Improvement for slicing 2d arrays?

Consider the following 2d array:

X = Array{Float64, 2}(undef, 4, 2)
X[:,1] = [1,NaN,3,4]
X[:,2] = [2,3,4,5]

I want to filter out all rows which include at least one NaN. This could be done by instantiating a “mask” vector:

idx = .!any(isnan.(X), dims=2);
X[idx, :]

However the second line errs:

ERROR: BoundsError: attempt to access 4×2 Array{Float64,2} at index [Bool[1; 0; 1; 1], 1:1]

I think what is happening is that X[idx, :] expects that idx is either one-dimensional or two-dimensional with the same dimensions as X. Since the type is BitArray{2} then Julia concludes that we’re in the second scenario. To get around this I had to do:

idx_1d = reshape(idx, size(idx)[1])
X[idx_1d, :]

Now idx_1d is type BitArray{1} and this works, but is ugly. Given that this is such a normal use case for slicing, my suggestion is that slicing should consider the first scenario if BitArray{2} and the size is 1 in the second dimension. Admittedly I haven’t considered what side-effects this could cause elsewhere, but I thought I’d share this observation.

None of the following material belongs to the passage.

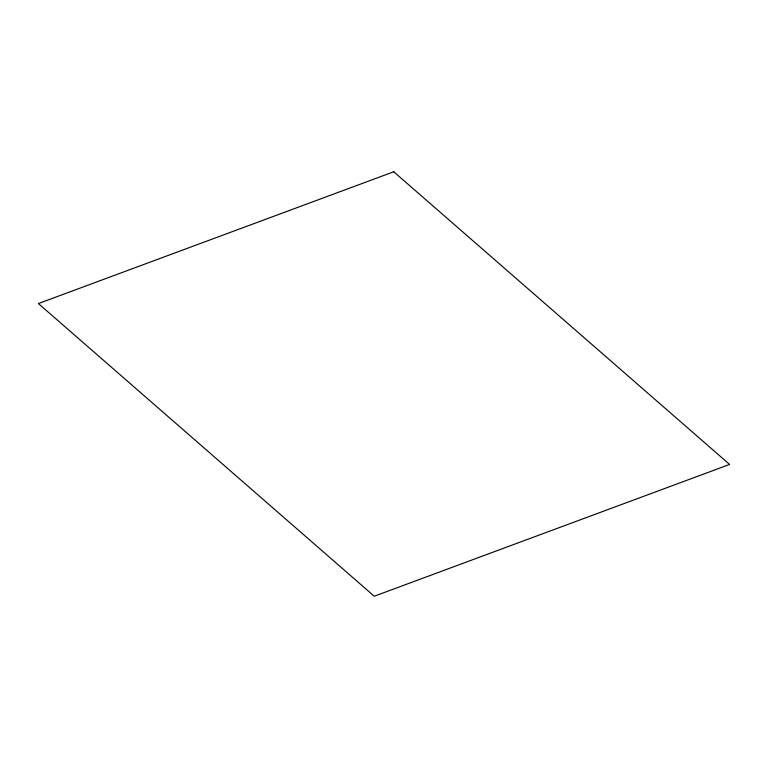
<?xml version="1.0" encoding="UTF-8"?>
<svg xmlns="http://www.w3.org/2000/svg" width="768" height="768" viewBox="0 0 768 768"><rect width="100%" height="100%" fill="white"/><g stroke="black" fill="none" stroke-linecap="round" stroke-linejoin="round"><path stroke-width="1.15" d="M393.754 171.773L38.4 303.562L374.246 596.227L729.6 464.438L393.754 171.773"/></g></svg>

I think the indexing question is tricky. But you might also consider writing idx = map(r -> !any(isnan, r), eachrow(X)) or more compactly idx = .!any.(isnan, eachrow(X)).

3 Likes

I think this is more about reductions with dims keyword arg not dropping the reduced dimension. There’s a somewhat long discussion about it in the relevant github issue: array reductions (sum, mean, etc.) and dropping dimensions · Issue #16606 · JuliaLang/julia · GitHub.
In this specific case, I think rewriting it as @mcabbott has suggested is the nicest solution. But more generally, you can just drop the extra dimension yourself:

idx = .!any(isnan.(X), dims=2)[:,1]

or

idx = dropdims(.!any(isnan.(X), dims=2), dims=2)

a bit ugly too, but clearer than reshape, I think.

1 Like